[Records to use — start]

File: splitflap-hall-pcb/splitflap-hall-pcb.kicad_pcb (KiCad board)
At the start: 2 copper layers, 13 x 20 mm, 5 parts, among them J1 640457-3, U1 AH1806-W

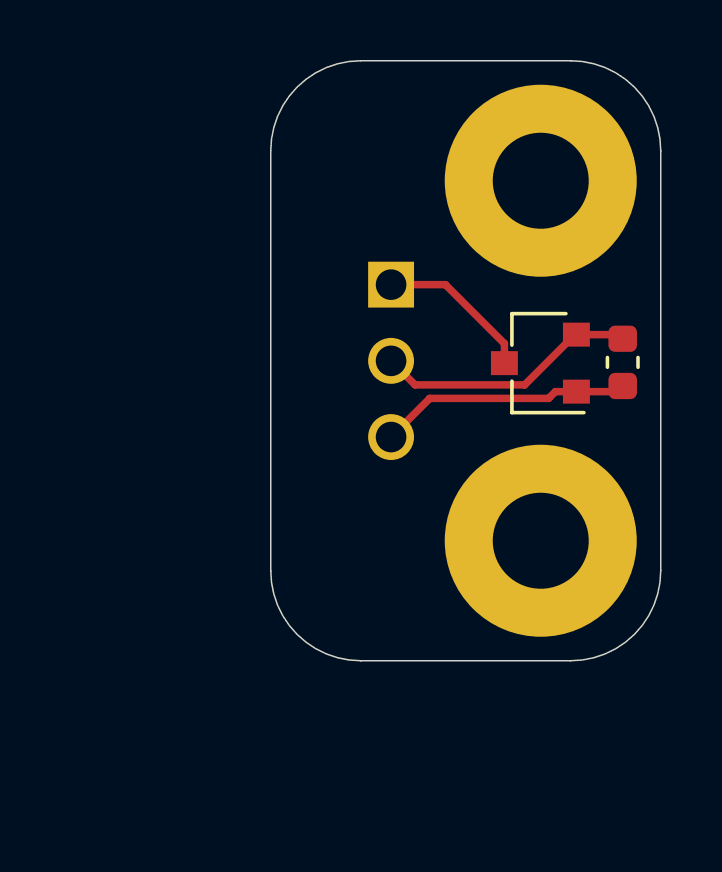
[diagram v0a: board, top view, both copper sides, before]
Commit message: Rotate SFH 90 degrees
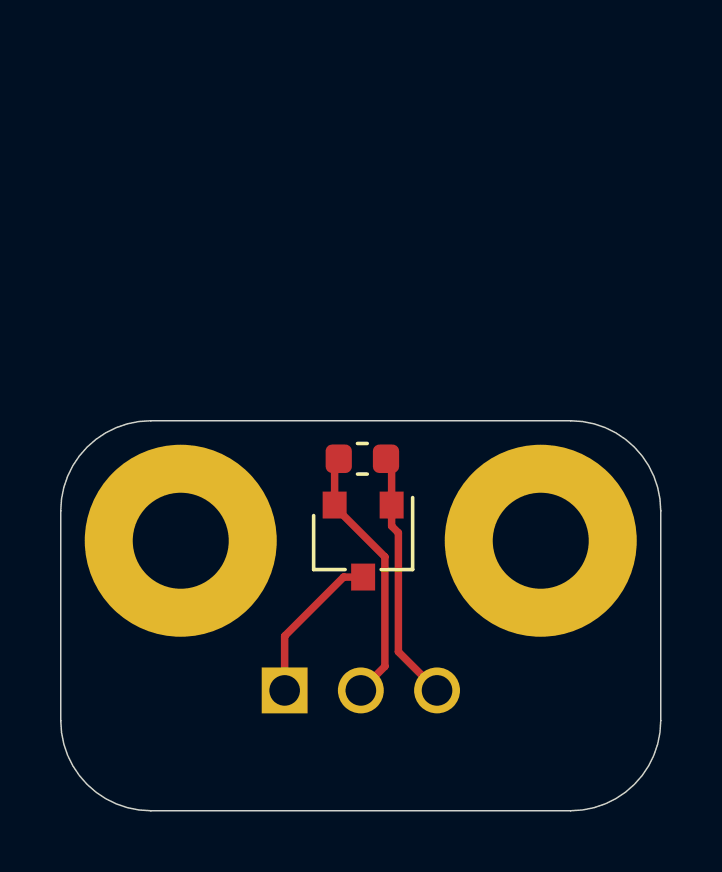
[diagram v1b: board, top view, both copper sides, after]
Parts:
- moved H1 17.0 mm to (81.0, 84.0), turned to 90 degrees
- moved J1 14.0 mm to (84.5, 89.0), turned to 180 degrees
- moved C1 9.25 mm to (87.1, 81.3), turned to 180 degrees
- moved U1 8.37 mm to (87.1, 84.0), turned to 270 degrees
- turned H2 to 90 degrees
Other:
- board size 13 x 20 mm -> 20 x 13 mm

[Records to use — finish]

■ **Work required**
Within the data above, find the lines that contain the word "view" and copy each of them.

■ **Solution to the exercise**
[diagram v0a: board, top view, both copper sides, before]
[diagram v1b: board, top view, both copper sides, after]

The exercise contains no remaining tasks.